WHAT THE EXERCISE ASKS: Look through the material and copy each line holding "picture".

INPUT FOR THIS TASK:
- - -

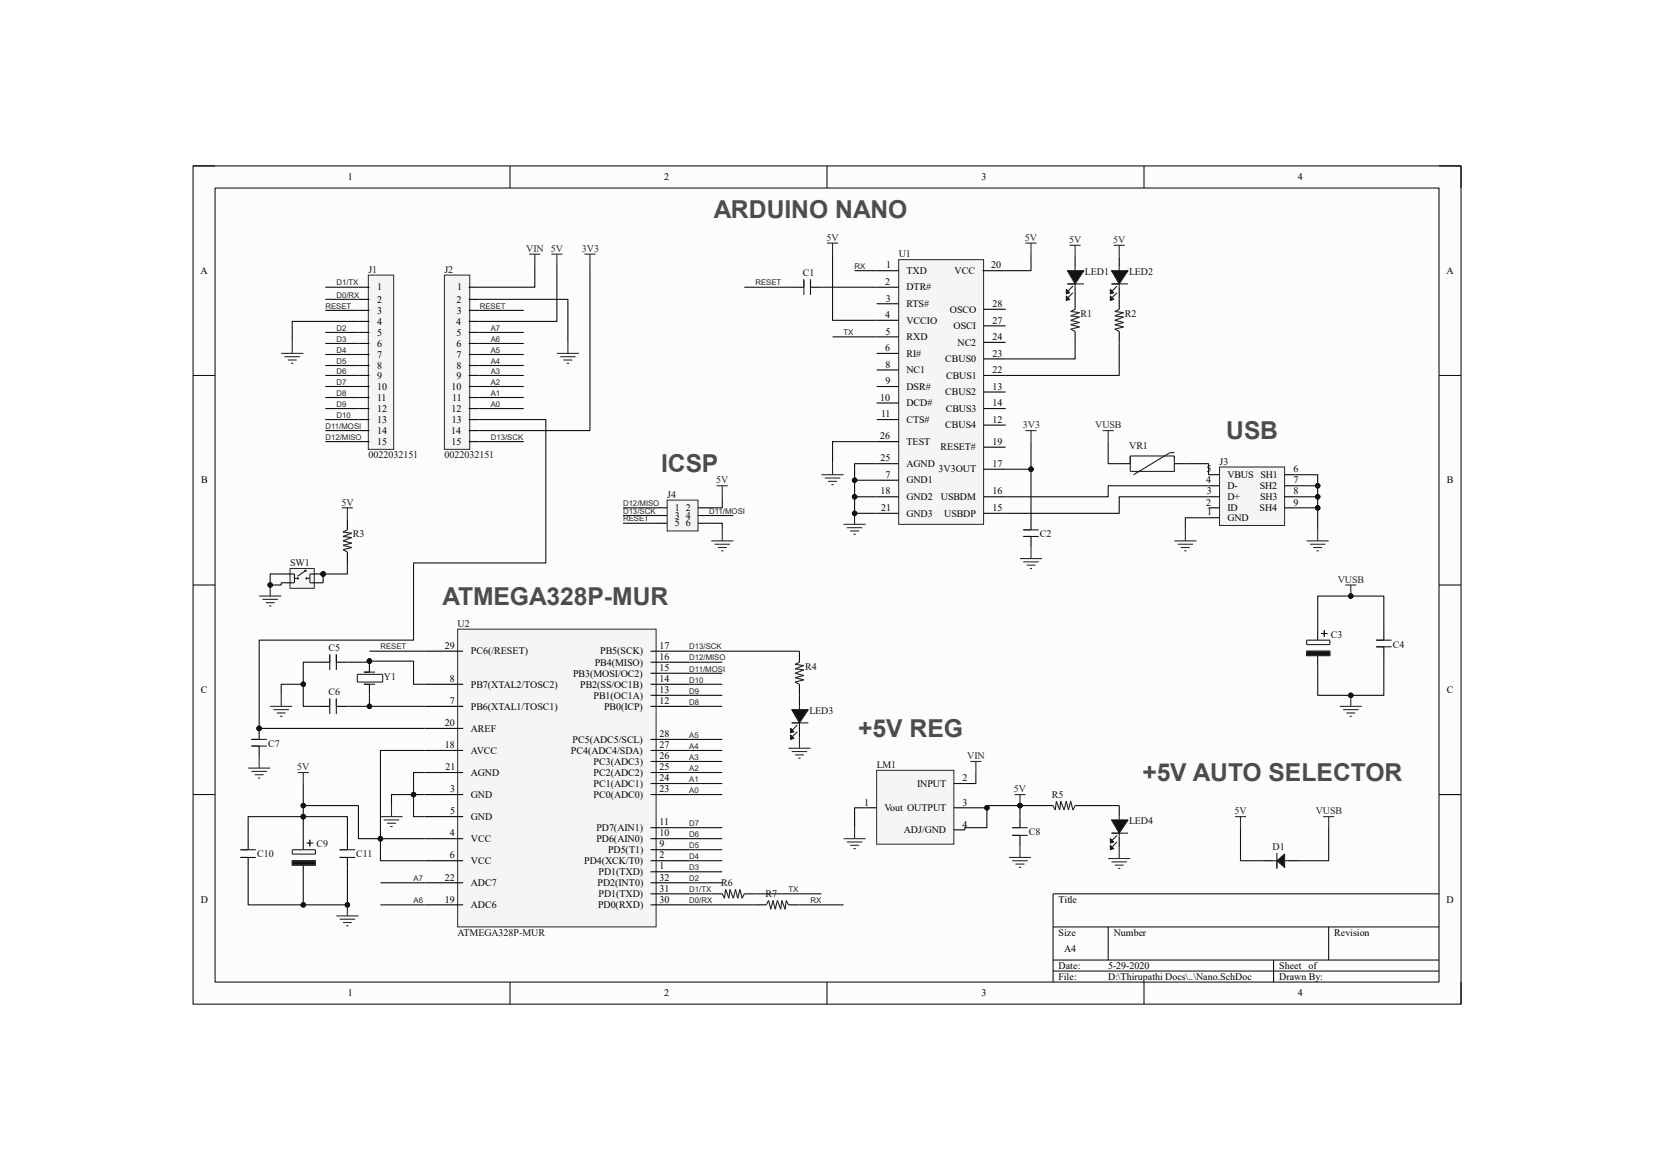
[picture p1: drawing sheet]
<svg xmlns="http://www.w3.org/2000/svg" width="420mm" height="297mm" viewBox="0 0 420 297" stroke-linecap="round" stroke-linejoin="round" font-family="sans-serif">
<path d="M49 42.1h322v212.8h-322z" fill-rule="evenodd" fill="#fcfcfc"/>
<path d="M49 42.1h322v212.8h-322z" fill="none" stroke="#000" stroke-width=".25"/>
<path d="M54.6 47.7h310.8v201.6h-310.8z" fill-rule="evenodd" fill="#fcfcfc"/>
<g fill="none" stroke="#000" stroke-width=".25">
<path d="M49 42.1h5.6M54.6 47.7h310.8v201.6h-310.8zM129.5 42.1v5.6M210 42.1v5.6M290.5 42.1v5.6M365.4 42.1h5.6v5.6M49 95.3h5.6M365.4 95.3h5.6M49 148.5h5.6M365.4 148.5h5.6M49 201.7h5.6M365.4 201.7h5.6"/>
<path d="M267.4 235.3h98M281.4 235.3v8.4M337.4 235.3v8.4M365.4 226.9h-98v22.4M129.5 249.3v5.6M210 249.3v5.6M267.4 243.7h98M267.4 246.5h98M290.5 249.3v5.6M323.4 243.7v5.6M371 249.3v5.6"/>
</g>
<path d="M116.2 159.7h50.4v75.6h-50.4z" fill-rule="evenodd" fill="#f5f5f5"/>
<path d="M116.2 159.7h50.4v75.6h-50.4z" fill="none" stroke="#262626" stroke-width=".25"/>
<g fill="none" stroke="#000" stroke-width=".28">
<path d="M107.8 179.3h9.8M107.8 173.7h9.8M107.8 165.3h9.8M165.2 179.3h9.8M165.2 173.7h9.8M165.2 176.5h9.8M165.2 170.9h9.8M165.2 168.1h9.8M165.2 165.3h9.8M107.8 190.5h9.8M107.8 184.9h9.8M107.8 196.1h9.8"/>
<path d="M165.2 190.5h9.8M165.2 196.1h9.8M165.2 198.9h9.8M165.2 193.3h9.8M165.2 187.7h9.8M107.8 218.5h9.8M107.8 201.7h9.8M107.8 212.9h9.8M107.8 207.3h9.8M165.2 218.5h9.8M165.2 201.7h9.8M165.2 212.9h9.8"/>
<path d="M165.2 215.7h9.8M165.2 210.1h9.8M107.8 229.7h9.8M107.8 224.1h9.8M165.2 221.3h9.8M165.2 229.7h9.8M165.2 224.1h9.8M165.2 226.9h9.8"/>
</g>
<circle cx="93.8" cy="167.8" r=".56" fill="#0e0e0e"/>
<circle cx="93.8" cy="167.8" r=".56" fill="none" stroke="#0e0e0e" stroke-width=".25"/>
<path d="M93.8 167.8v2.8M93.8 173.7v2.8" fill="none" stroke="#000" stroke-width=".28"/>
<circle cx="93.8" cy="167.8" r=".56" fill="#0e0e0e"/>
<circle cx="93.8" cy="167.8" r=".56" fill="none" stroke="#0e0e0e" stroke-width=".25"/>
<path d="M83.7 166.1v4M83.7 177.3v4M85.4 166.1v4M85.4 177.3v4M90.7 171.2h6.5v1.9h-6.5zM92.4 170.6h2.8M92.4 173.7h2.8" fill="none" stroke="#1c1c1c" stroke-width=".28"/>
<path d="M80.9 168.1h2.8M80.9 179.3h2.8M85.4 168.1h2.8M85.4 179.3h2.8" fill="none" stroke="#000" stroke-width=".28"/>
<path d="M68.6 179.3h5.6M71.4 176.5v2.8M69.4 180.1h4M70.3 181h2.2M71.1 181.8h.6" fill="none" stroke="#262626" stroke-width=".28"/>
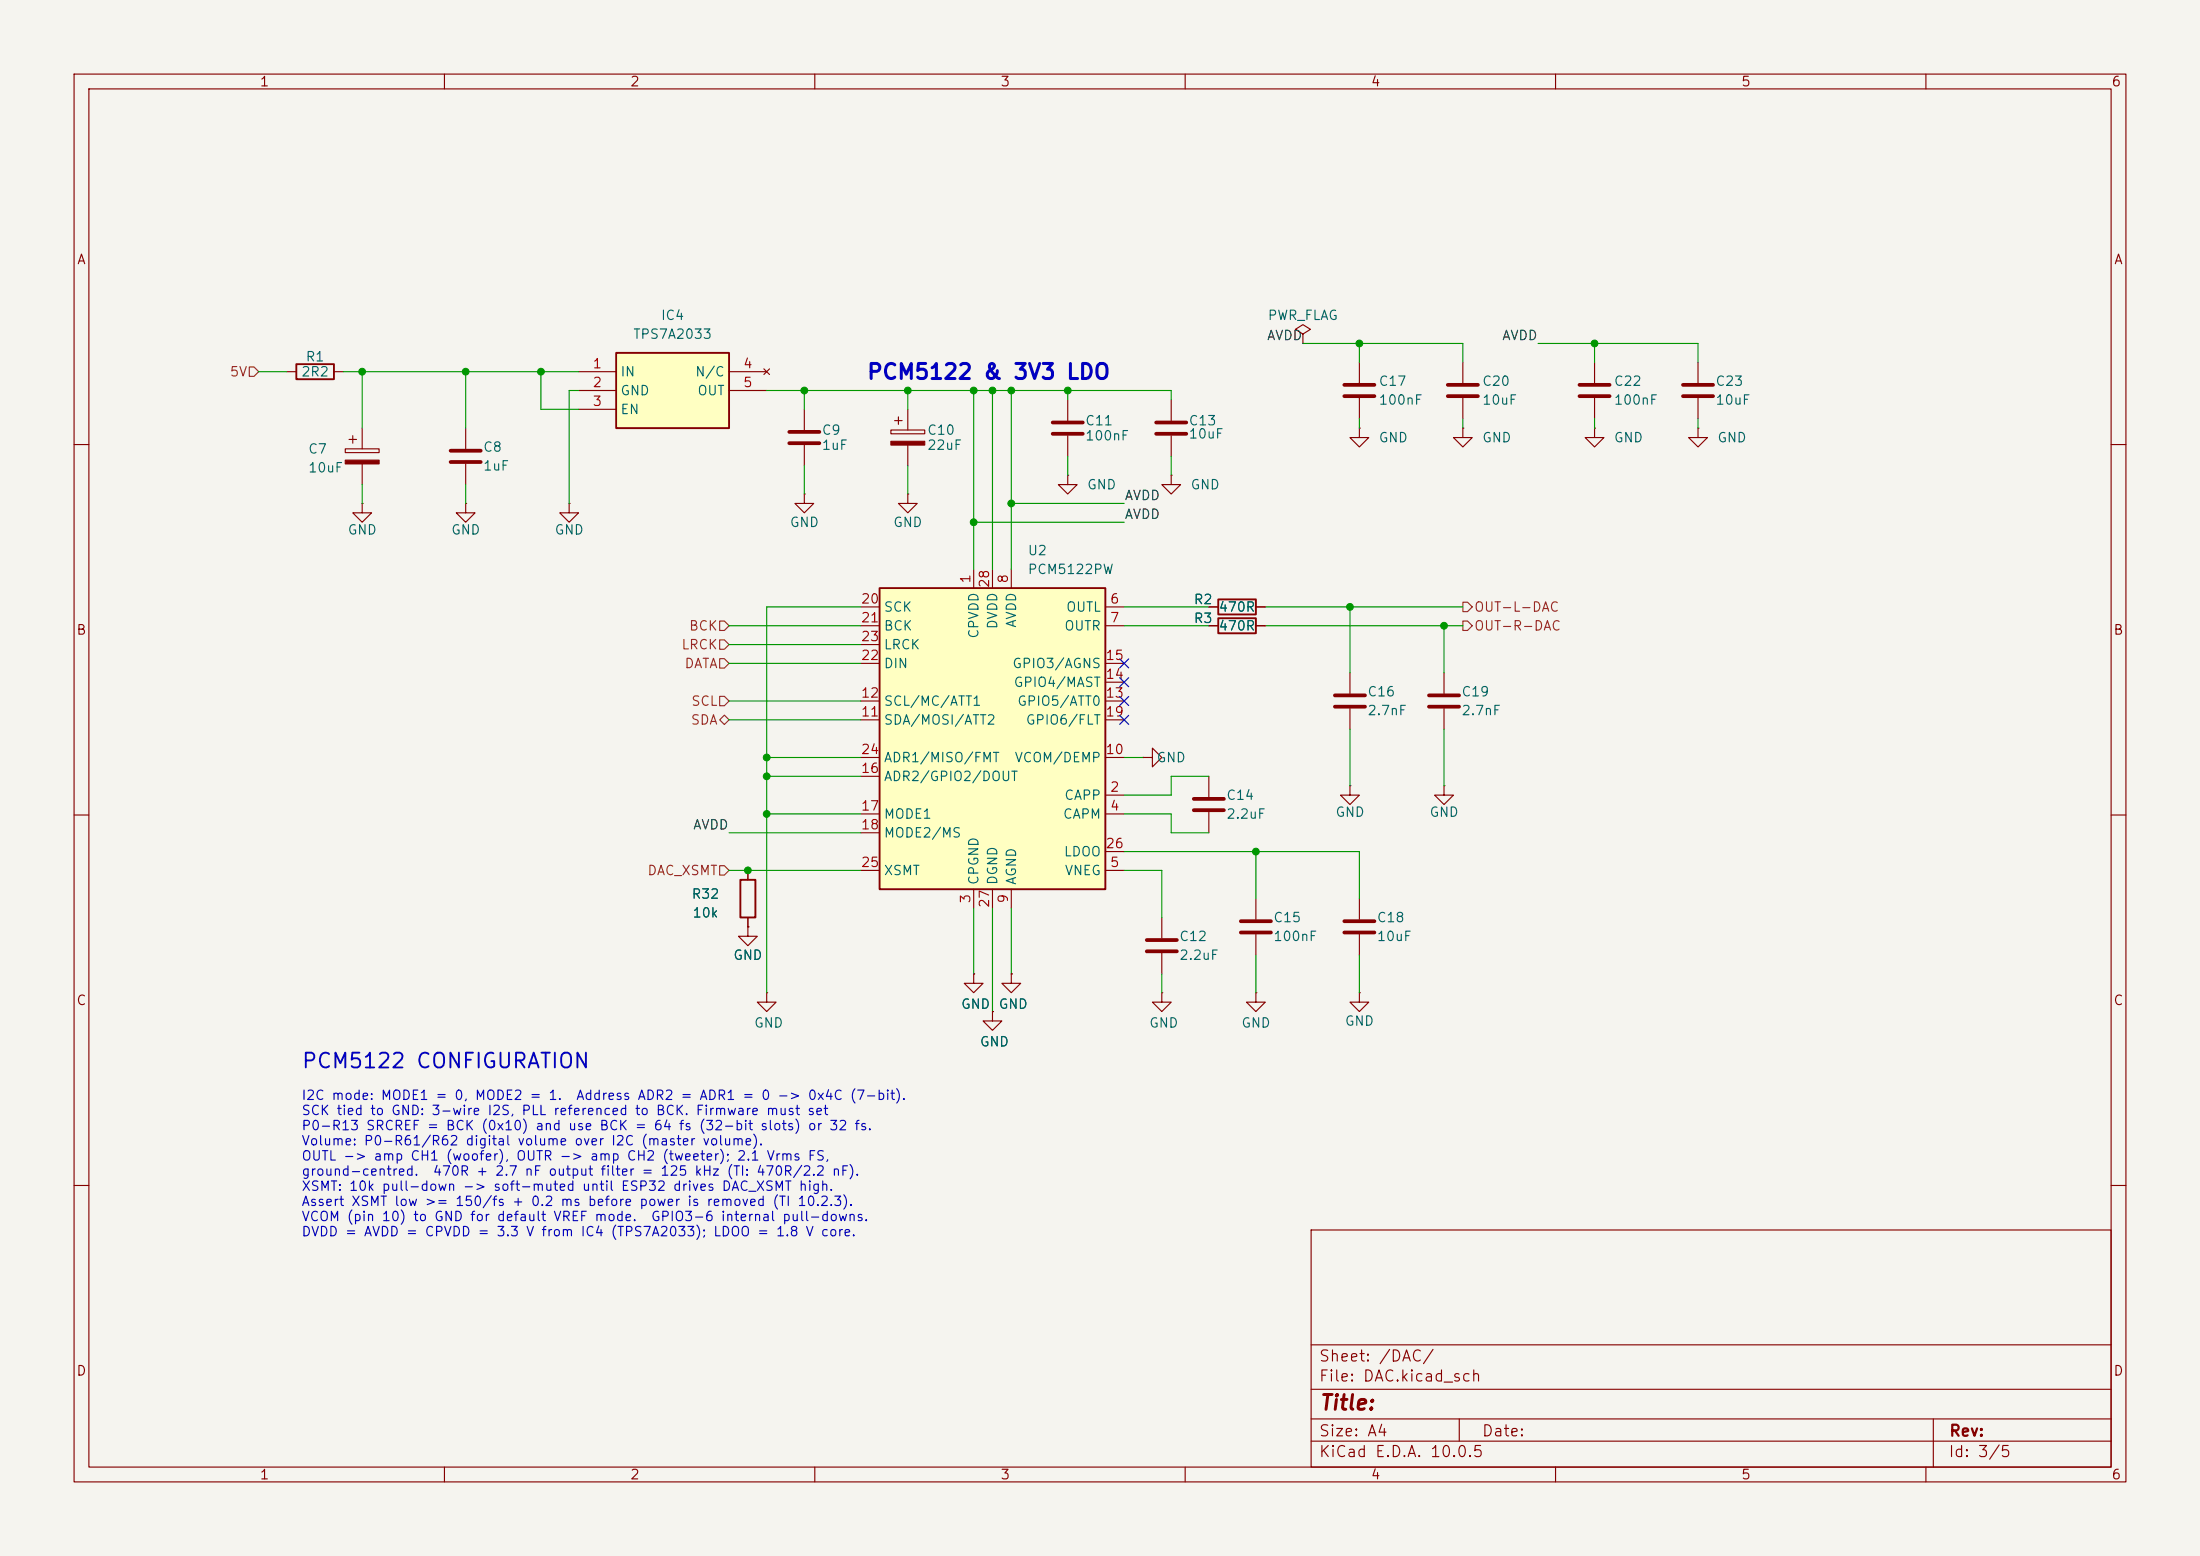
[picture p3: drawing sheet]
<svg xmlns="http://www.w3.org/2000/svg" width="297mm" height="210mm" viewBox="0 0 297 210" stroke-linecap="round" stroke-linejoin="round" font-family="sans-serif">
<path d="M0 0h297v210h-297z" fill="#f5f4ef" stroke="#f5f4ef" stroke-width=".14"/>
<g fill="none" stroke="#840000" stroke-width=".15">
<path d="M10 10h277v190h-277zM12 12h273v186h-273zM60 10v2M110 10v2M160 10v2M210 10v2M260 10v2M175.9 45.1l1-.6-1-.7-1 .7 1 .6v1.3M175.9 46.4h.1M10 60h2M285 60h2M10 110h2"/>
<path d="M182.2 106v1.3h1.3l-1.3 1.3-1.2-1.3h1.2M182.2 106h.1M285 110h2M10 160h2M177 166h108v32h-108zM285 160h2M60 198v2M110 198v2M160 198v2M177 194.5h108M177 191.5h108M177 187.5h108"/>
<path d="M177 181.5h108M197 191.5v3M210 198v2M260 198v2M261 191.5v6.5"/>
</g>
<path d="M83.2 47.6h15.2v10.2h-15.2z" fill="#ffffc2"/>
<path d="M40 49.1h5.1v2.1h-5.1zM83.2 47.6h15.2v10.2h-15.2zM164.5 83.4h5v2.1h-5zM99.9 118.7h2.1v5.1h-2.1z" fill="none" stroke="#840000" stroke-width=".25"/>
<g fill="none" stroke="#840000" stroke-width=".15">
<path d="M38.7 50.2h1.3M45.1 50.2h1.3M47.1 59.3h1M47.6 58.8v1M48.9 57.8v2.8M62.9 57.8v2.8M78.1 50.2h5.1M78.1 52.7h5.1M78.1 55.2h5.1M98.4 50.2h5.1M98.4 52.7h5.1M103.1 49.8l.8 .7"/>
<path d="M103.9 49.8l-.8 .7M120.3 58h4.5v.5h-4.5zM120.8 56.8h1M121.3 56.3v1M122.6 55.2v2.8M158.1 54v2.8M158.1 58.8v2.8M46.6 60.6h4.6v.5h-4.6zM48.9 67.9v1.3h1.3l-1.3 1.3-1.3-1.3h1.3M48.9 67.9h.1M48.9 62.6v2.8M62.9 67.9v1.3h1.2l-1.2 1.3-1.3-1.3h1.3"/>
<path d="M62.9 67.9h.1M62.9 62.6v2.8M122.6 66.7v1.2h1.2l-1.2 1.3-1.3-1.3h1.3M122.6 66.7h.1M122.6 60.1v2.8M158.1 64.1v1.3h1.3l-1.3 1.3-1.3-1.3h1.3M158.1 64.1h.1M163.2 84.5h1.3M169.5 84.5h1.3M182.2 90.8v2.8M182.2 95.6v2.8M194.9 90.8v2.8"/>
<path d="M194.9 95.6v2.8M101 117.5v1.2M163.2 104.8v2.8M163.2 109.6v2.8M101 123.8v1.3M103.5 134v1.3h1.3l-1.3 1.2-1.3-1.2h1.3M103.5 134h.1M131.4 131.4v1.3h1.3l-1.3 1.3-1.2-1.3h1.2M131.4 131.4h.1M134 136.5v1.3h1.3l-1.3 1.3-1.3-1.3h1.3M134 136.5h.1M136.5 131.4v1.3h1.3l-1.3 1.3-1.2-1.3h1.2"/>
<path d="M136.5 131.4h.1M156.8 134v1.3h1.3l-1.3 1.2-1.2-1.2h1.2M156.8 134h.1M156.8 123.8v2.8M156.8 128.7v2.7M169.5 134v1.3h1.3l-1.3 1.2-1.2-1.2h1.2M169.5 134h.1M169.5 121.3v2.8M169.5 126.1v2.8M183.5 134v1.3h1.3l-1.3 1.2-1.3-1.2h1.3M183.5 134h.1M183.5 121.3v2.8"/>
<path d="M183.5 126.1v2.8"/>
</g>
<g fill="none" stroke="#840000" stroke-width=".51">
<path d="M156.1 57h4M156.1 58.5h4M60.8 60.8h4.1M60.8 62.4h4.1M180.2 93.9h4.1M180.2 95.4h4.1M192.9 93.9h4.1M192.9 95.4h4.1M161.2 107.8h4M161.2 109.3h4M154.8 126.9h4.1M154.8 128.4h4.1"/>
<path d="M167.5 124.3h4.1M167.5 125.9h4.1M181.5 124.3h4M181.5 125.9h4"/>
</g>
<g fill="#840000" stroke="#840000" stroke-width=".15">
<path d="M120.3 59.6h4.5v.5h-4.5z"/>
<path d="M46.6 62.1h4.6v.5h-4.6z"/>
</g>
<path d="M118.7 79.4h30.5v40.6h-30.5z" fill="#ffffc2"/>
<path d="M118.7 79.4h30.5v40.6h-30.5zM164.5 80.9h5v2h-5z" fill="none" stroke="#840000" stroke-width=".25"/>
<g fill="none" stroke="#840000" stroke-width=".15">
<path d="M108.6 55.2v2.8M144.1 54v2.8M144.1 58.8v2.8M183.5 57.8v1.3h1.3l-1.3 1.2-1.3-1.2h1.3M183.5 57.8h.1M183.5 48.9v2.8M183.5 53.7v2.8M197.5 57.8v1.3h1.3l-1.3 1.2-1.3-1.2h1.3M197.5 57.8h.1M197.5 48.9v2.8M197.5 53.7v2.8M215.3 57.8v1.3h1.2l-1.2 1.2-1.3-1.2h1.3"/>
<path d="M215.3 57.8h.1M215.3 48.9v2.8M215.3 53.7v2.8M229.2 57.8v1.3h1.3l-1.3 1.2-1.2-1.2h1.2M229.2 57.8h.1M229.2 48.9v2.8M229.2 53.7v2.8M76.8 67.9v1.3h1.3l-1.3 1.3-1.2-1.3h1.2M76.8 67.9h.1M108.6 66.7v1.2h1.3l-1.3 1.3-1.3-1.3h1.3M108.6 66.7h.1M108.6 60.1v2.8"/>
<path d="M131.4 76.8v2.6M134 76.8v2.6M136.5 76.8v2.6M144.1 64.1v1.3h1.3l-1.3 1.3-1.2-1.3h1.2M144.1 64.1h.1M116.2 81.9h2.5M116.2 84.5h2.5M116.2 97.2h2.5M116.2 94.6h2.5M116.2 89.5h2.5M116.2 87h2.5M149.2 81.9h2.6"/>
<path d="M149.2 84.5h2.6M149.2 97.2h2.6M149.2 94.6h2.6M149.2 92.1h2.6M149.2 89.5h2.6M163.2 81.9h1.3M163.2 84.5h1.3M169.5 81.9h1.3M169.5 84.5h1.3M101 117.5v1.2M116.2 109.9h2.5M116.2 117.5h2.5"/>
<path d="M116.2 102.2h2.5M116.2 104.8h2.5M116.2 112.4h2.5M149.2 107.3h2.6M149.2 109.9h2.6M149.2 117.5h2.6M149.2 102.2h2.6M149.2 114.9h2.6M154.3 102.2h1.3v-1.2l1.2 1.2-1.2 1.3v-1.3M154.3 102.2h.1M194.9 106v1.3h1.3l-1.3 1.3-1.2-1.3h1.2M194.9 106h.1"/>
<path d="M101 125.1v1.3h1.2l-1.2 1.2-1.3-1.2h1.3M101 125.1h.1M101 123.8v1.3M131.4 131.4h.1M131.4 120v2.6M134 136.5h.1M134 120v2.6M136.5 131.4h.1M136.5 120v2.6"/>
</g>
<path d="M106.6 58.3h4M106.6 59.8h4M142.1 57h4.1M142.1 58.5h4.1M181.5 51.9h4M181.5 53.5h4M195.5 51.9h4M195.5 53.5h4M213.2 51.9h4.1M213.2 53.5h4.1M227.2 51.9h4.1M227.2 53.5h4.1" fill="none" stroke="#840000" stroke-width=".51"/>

- - -

EXERCISE SOLUTION:
[picture p1: drawing sheet]
[picture p3: drawing sheet]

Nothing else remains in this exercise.